What is A/B Testing?
A/B testing is a controlled experiment that compares two versions of a marketing asset — an ad, email, landing page, or button — to determine which performs better with a real audience.
A/B testing (also called split testing) is the process of comparing two versions of a marketing asset to see which one performs better. Version A (the control) is tested against Version B (the variant) by showing each to a roughly equal segment of the audience simultaneously. The version that produces a better outcome — more clicks, sign-ups, purchases, or other conversions — wins.
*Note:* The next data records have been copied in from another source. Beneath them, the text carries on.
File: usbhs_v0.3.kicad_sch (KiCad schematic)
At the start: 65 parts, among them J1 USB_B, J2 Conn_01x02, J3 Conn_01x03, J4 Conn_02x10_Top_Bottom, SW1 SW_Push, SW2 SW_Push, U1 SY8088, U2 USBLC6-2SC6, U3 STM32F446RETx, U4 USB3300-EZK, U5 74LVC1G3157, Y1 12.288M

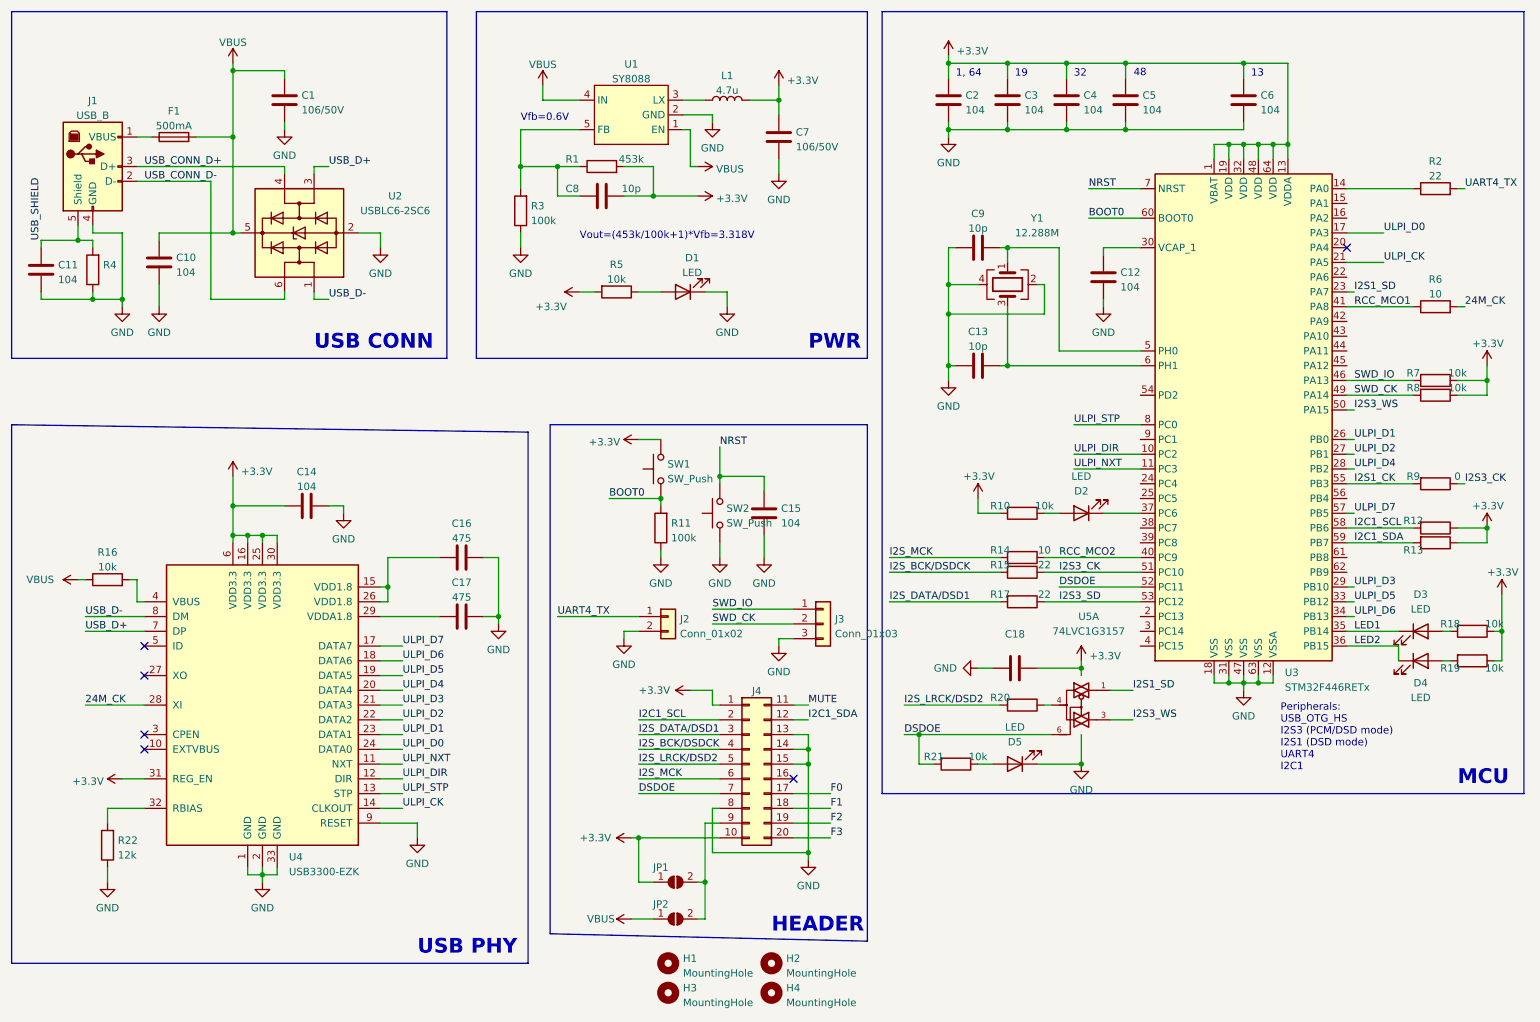
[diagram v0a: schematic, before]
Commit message: modified:   .gitignore 	modified:   usbhs_v0.3.kicad_pcb 	modified:   usbhs_v0.3.kicad_sch 	new file:   usbhs_v0.3.xml
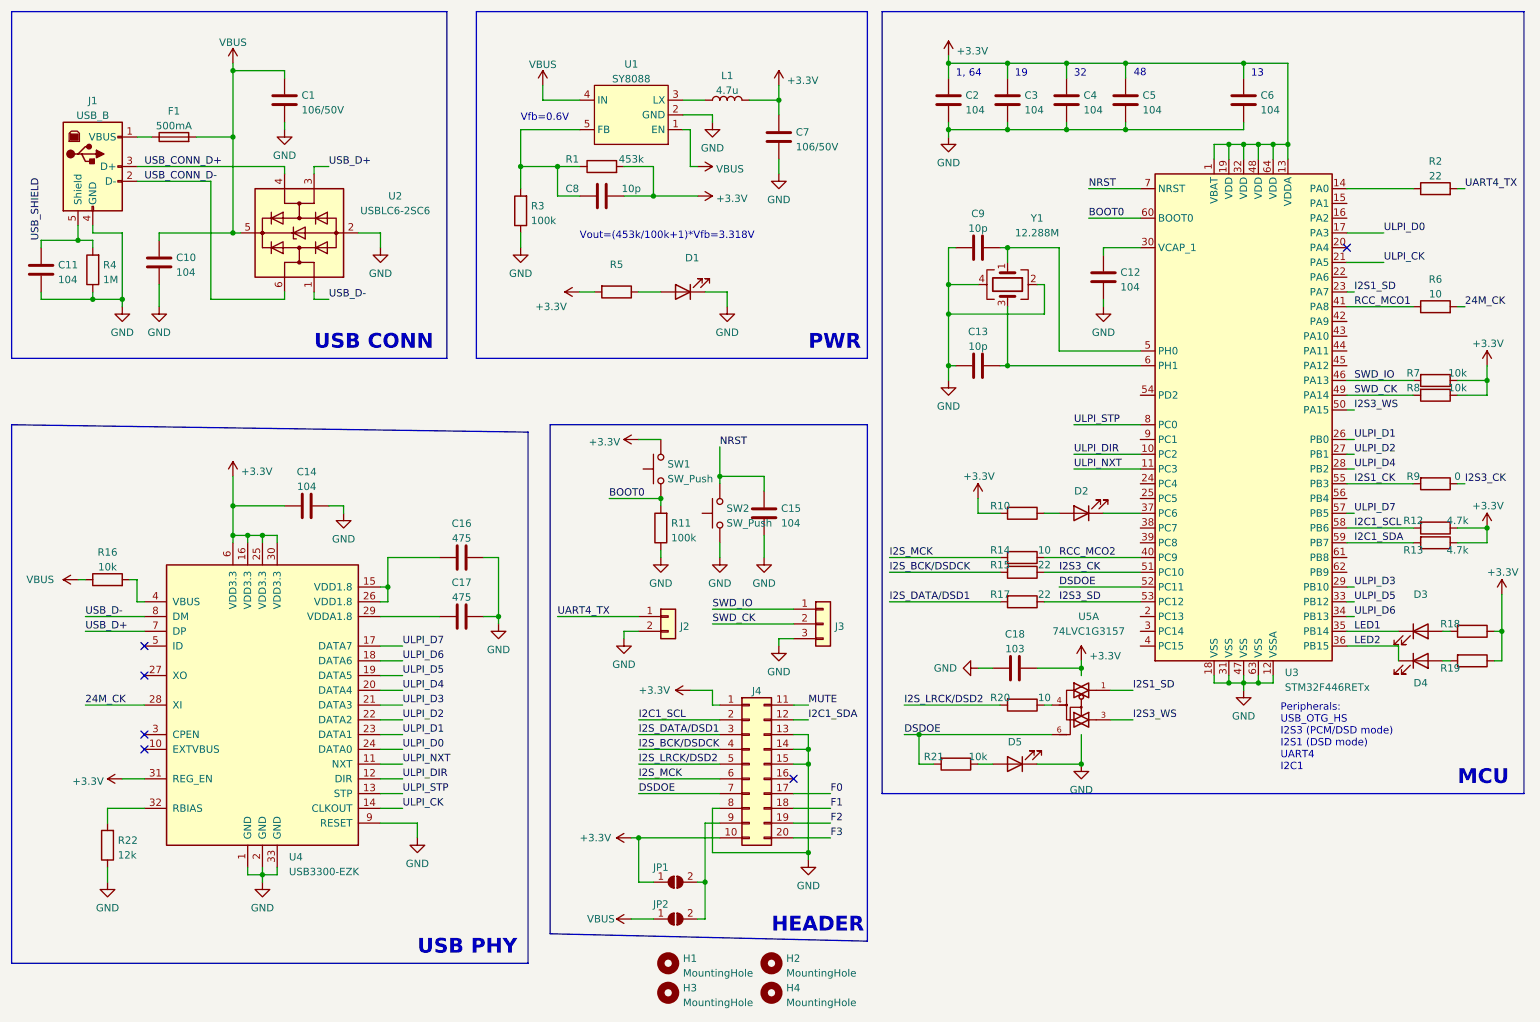
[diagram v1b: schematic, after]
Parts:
- C18: value (none) -> 103
- D1, D2, D3, D4, D5: value LED -> (none); footprint LED_SMD:LED_0603_1608Metric -> (none)
- R10, R18, R19, R5: value 10k -> (none)
- R12, R13: value (none) -> 4.7k
- R20: value (none) -> 10
- R4: value (none) -> 1M
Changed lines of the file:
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@@
     (in_bom yes) (on_board yes)
     (property "Reference" "R10" (id 0) (at 187.96 110.49 90))
-    (property "Value" "10k" (id 1) (at 195.58 110.49 90))
+    (property "Value" "" (id 1) (at 195.58 110.49 90))
     (property "Footprint" "Resistor_SMD:R_0603_1608Metric" (id 2) (at 191.77 109.982 90)
       (effects (font (size 1.27 1.27)) hide)
@@
   (symbol (lib_id "Connector_Generic:Conn_01x03") (at 157.48 130.81 0) (unit 1)
     (in_bom yes) (on_board yes) (fields_autoplaced)
-    (property "Reference" "J3" (id 0) (at 159.512 129.9753 0)
+    (property "Reference" "J3" (id 0) (at 159.512 131.2438 0)
       (effects (font (size 1.27 1.27)) (justify left))
     )
     (property "Value" "Conn_01x03" (id 1) (at 159.512 132.5122 0)
-      (effects (font (size 1.27 1.27)) (justify left))
+      (effects (font (size 1.27 1.27)) (justify left) hide)
     )
     (property "Footprint" "Connector_PinHeader_2.54mm:PinHeader_1x03_P2.54mm_Vertical" (id 2) (at 157.48 130.81 0)
@@
   (symbol (lib_id "Connector_Generic:Conn_01x02") (at 130.81 129.54 0) (unit 1)
     (in_bom yes) (on_board yes) (fields_autoplaced)
-    (property "Reference" "J2" (id 0) (at 132.842 129.9753 0)
+    (property "Reference" "J2" (id 0) (at 132.842 131.2438 0)
       (effects (font (size 1.27 1.27)) (justify left))
     )
     (property "Value" "Conn_01x02" (id 1) (at 132.842 132.5122 0)
-      (effects (font (size 1.27 1.27)) (justify left))
+      (effects (font (size 1.27 1.27)) (justify left) hide)
     )
     (property "Footprint" "Connector_PinHeader_2.54mm:PinHeader_1x02_P2.54mm_Vertical" (id 2) (at 130.81 129.54 0)
@@
     (in_bom yes) (on_board yes) (fields_autoplaced)
     (property "Reference" "D1" (id 0) (at 134.9375 67.8012 0))
-    (property "Value" "LED" (id 1) (at 134.9375 70.3381 0))
-    (property "Footprint" "LED_SMD:LED_0603_1608Metric" (id 2) (at 133.35 73.66 0)
+    (property "Value" "" (id 1) (at 134.9375 70.3381 0))
+    (property "Footprint" "" (id 2) (at 133.35 73.66 0)
       (effects (font (size 1.27 1.27)) hide)
     )
@@
     (in_bom yes) (on_board yes)
     (property "Reference" "R19" (id 0) (at 265.43 138.43 90))
-    (property "Value" "10k" (id 1) (at 273.05 138.43 90))
+    (property "Value" "" (id 1) (at 273.05 138.43 90))
     (property "Footprint" "Resistor_SMD:R_0603_1608Metric" (id 2) (at 269.24 135.382 90)
       (effects (font (size 1.27 1.27)) hide)
@@
     (in_bom yes) (on_board yes)
     (property "Reference" "D2" (id 0) (at 201.93 107.9469 0))
-    (property "Value" "LED" (id 1) (at 201.93 105.41 0))
-    (property "Footprint" "LED_SMD:LED_0603_1608Metric" (id 2) (at 201.93 111.76 0)
+    (property "Value" "" (id 1) (at 201.93 105.41 0))
+    (property "Footprint" "" (id 2) (at 201.93 111.76 0)
       (effects (font (size 1.27 1.27)) hide)
     )
@@
     (in_bom yes) (on_board yes)
     (property "Reference" "D5" (id 0) (at 190.5 151.1269 0))
-    (property "Value" "LED" (id 1) (at 190.5 148.59 0))
-    (property "Footprint" "LED_SMD:LED_0603_1608Metric" (id 2) (at 190.5 154.94 0)
+    (property "Value" "" (id 1) (at 190.5 148.59 0))
+    (property "Footprint" "" (id 2) (at 190.5 154.94 0)
       (effects (font (size 1.27 1.27)) hide)
     )
@@
     (in_bom yes) (on_board yes)
     (property "Reference" "R13" (id 0) (at 259.08 118.11 90))
-    (property "Value" "" (id 1) (at 266.7 118.11 90))
+    (property "Value" "4.7k" (id 1) (at 266.7 118.11 90))
     (property "Footprint" "Resistor_SMD:R_0603_1608Metric" (id 2) (at 262.89 115.062 90)
       (effects (font (size 1.27 1.27)) hide)
@@
     (in_bom yes) (on_board yes)
     (property "Reference" "R18" (id 0) (at 265.43 130.81 90))
-    (property "Value" "10k" (id 1) (at 273.05 130.81 90))
+    (property "Value" "" (id 1) (at 273.05 130.81 90))
     (property "Footprint" "Resistor_SMD:R_0603_1608Metric" (id 2) (at 269.24 130.302 90)
       (effects (font (size 1.27 1.27)) hide)
@@
       (effects (font (size 1.27 1.27)) (justify right))
     )
-    (property "Value" "" (id 1) (at 33.528 71.5522 0)
+    (property "Value" "1M" (id 1) (at 33.528 71.5522 0)
       (effects (font (size 1.27 1.27)) (justify right))
     )
@@
     (in_bom yes) (on_board yes) (fields_autoplaced)
     (property "Reference" "R5" (id 0) (at 121.92 68.9442 90))
-    (property "Value" "10k" (id 1) (at 121.92 71.4811 90))
+    (property "Value" "" (id 1) (at 121.92 71.4811 90))
     (property "Footprint" "Resistor_SMD:R_0603_1608Metric" (id 2) (at 121.92 71.882 90)
       (effects (font (size 1.27 1.27)) hide)
@@
     (in_bom yes) (on_board yes)
     (property "Reference" "D4" (id 0) (at 260.35 140.9731 0))
-    (property "Value" "LED" (id 1) (at 260.35 143.51 0))
-    (property "Footprint" "LED_SMD:LED_0603_1608Metric" (id 2) (at 260.35 137.16 0)
+    (property "Value" "" (id 1) (at 260.35 143.51 0))
+    (property "Footprint" "" (id 2) (at 260.35 137.16 0)
       (effects (font (size 1.27 1.27)) hide)
     )
@@
     (in_bom yes) (on_board yes)
     (property "Reference" "R12" (id 0) (at 259.08 113.03 90))
-    (property "Value" "" (id 1) (at 266.7 113.03 90))
+    (property "Value" "4.7k" (id 1) (at 266.7 113.03 90))
     (property "Footprint" "Resistor_SMD:R_0603_1608Metric" (id 2) (at 262.89 112.522 90)
       (effects (font (size 1.27 1.27)) hide)
@@
     (in_bom yes) (on_board yes)
     (property "Reference" "R20" (id 0) (at 187.96 143.51 90))
-    (property "Value" "" (id 1) (at 195.58 143.51 90))
+    (property "Value" "10" (id 1) (at 195.58 143.51 90))
     (property "Footprint" "Resistor_SMD:R_0603_1608Metric" (id 2) (at 191.77 143.002 90)
       (effects (font (size 1.27 1.27)) hide)
@@
     (in_bom yes) (on_board yes) (fields_autoplaced)
     (property "Reference" "C18" (id 0) (at 190.5 132.5712 90))
-    (property "Value" "" (id 1) (at 190.5 135.1081 90))
+    (property "Value" "103" (id 1) (at 190.5 135.1081 90))
     (property "Footprint" "Capacitor_SMD:C_0603_1608Metric" (id 2) (at 186.69 139.3952 0)
       (effects (font (size 1.27 1.27)) hide)
@@
     (in_bom yes) (on_board yes)
     (property "Reference" "D3" (id 0) (at 260.35 125.7331 0))
-    (property "Value" "LED" (id 1) (at 260.35 128.27 0))
-    (property "Footprint" "LED_SMD:LED_0603_1608Metric" (id 2) (at 260.35 132.08 0)
+    (property "Value" "" (id 1) (at 260.35 128.27 0))
+    (property "Footprint" "" (id 2) (at 260.35 132.08 0)
       (effects (font (size 1.27 1.27)) hide)
     )
@@
     )
     (path "/47fb8d06-9abf-4836-a22b-0ed5cd446d51"
-      (reference "D1") (unit 1) (value "LED") (footprint "LED_SMD:LED_0603_1608Metric")
+      (reference "D1") (unit 1) (value "LED_WHITE") (footprint "LED_SMD:LED_0603_1608Metric")
     )
     (path "/6e0136e8-1617-4596-937b-333822c8faa8"
-      (reference "D2") (unit 1) (value "LED") (footprint "LED_SMD:LED_0603_1608Metric")
+      (reference "D2") (unit 1) (value "LED_BLUE") (footprint "LED_SMD:LED_0603_1608Metric")
     )
     (path "/ef38983d-1e95-4444-bbe5-be509f249cde"
-      (reference "D3") (unit 1) (value "LED") (footprint "LED_SMD:LED_0603_1608Metric")
+      (reference "D3") (unit 1) (value "LED_RED") (footprint "LED_SMD:LED_0603_1608Metric")
     )
     (path "/e17c40ef-dd99-47ff-9785-6c1ad4aa93a9"
-      (reference "D4") (unit 1) (value "LED") (footprint "LED_SMD:LED_0603_1608Metric")
+      (reference "D4") (unit 1) (value "LED_GREEN") (footprint "LED_SMD:LED_0603_1608Metric")
     )
     (path "/821483bf-9f7e-4649-86e1-c234c345bc5b"
-      (reference "D5") (unit 1) (value "LED") (footprint "LED_SMD:LED_0603_1608Metric")
+      (reference "D5") (unit 1) (value "LED_YELLOW") (footprint "LED_SMD:LED_0603_1608Metric")
     )
     (path "/9f99d8bd-86c8-4cd3-87e8-674bf81ec7da"
@@
     )
     (path "/cb712688-5299-4cd7-b82a-14a07c3ba87b"
-      (reference "R5") (unit 1) (value "10k") (footprint "Resistor_SMD:R_0603_1608Metric")
+      (reference "R5") (unit 1) (value "1k") (footprint "Resistor_SMD:R_0603_1608Metric")
     )
     (path "/9063b0a8-3226-4a61-a899-3707e9b8a619"
@@
     )
     (path "/07244beb-ead2-4da3-b999-697f3b020a65"
-      (reference "R10") (unit 1) (value "10k") (footprint "Resistor_SMD:R_0603_1608Metric")
+      (reference "R10") (unit 1) (value "1k") (footprint "Resistor_SMD:R_0603_1608Metric")
     )
     (path "/3f4fc8f5-ea24-4ea0-8ee3-a10851cd8c01"
@@
     )
     (path "/bde8bde3-80fb-478e-8404-88041cc5eb54"
-      (reference "R18") (unit 1) (value "10k") (footprint "Resistor_SMD:R_0603_1608Metric")
+      (reference "R18") (unit 1) (value "1k") (footprint "Resistor_SMD:R_0603_1608Metric")
     )
     (path "/5233cf4e-69e7-46dd-a8d0-4d4f190557d1"
-      (reference "R19") (unit 1) (value "10k") (footprint "Resistor_SMD:R_0603_1608Metric")
+      (reference "R19") (unit 1) (value "1k") (footprint "Resistor_SMD:R_0603_1608Metric")
     )
     (path "/e55b7901-0800-4f58-8579-30231bcbcd60"

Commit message: modified:   .gitignore 	modified:   usbhs_v0.3.kicad_pcb 	modified:   usbhs_v0.3.kicad_sch 	deleted:    usbhs_v0.3.xml
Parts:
- removed C13, C9: 10p, Capacitor_SMD:C_0603_1608Metric, symbol Device:C
- removed Y1: 12.288M, Crystal:Crystal_SMD_3225-4Pin_3.2x2.5mm, symbol Device:Crystal_GND24
- added C12: 103, Capacitor_SMD:C_0603_1608Metric, symbol Device:C
- added FB1: 600R, Inductor_SMD:L_0603_1608Metric, symbol Device:FerriteBead
- added X1: 24.576M, Crystal:Crystal_SMD_3225-4Pin_3.2x2.5mm, symbol Oscillator:XO32
- D1: value (none) -> LED_WHITE; footprint (none) -> LED_SMD:LED_0603_1608Metric
- D2: value (none) -> LED_BLUE; footprint (none) -> LED_SMD:LED_0603_1608Metric
- D3: value (none) -> LED_RED; footprint (none) -> LED_SMD:LED_0603_1608Metric
- D4: value (none) -> LED_GREEN; footprint (none) -> LED_SMD:LED_0603_1608Metric
- D5: value (none) -> LED_YELLOW; footprint (none) -> LED_SMD:LED_0603_1608Metric
- R10, R18, R19, R5: value (none) -> 1k
- R21: value 10k -> (none); footprint Resistor_SMD:R_0603_1608Metric -> (none)
- renumbered C11 to C10, C12 to C11, C14 to C13, C15 to C14, C16 to C15, C17 to C16, C18 to C17, C10 to C9
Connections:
- net +3V3: now also FB1.1
- net GND: now also C12.1, X1.2 (GND)
- net at U3.5 (PH0): now also X1.3 (OUT)
- new net: C12.2, FB1.2, X1.1 (EN), X1.4 (V+)
- no-connect marks 6 -> 7

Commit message: modified:   usbhs_v0.3.kicad_pcb 	modified:   usbhs_v0.3.kicad_sch
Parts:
- added R8: (no value), Resistor_SMD:R_0603_1608Metric, symbol Device:R
- R22: renamed from R21; value (none) -> 1k; footprint (none) -> Resistor_SMD:R_0603_1608Metric
- renumbered R9 to R10, R10 to R11, R11 to R12, R12 to R13, R13 to R14, R14 to R15, R15 to R16, R16 to R17, R17 to R18, R18 to R19, R19 to R20, R20 to R21, R22 to R23, R8 to R9
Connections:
- net I2S3_WS: now also R8.2
- net MUTE: now also U3.61 (PB8)
- net EXTI2: now reaches U3.54 (PD2)
- net EXTI2: now also R8.1

A/B testing removes guesswork from marketing decisions. Instead of debating which headline is better or which CTA color drives more clicks, you let real audience behavior answer the question.
What Can Be A/B Tested?
Almost any element of a digital marketing asset can be tested:
On landing pages and websites:
- Headlines and subheadlines
- Call-to-action button text, color, and placement
- Page layout and image choice
- Form length and field order
- Pricing display
In email marketing:
- Subject lines (by far the most commonly tested)
- Sender name
- Email body copy and layout
- Send time and day
In paid ads:
- Ad headlines and descriptions
- Images or video thumbnails
- Audience targeting segments
- Bidding strategies
How A/B Testing Works
- Identify a goal — Define the metric you're optimizing for (e.g., conversion rate, click-through rate, revenue per visitor)
- Create your hypothesis — "Changing the CTA from 'Submit' to 'Get My Free Quote' will increase form submissions"
- Build the variant — Create version B with one change from version A
- Split traffic — Show version A to 50% of the audience and version B to the other 50%
- Collect data — Run the test until you have statistical significance
- Declare a winner — Implement the winning version
The key rule: test one variable at a time. Changing multiple elements simultaneously makes it impossible to know which change caused the result.
Statistical Significance
A result is statistically significant when it's unlikely to be due to random chance. Most marketers target 95% confidence — meaning there's only a 5% probability the result was random. Testing with too little traffic or ending a test too early can produce misleading results.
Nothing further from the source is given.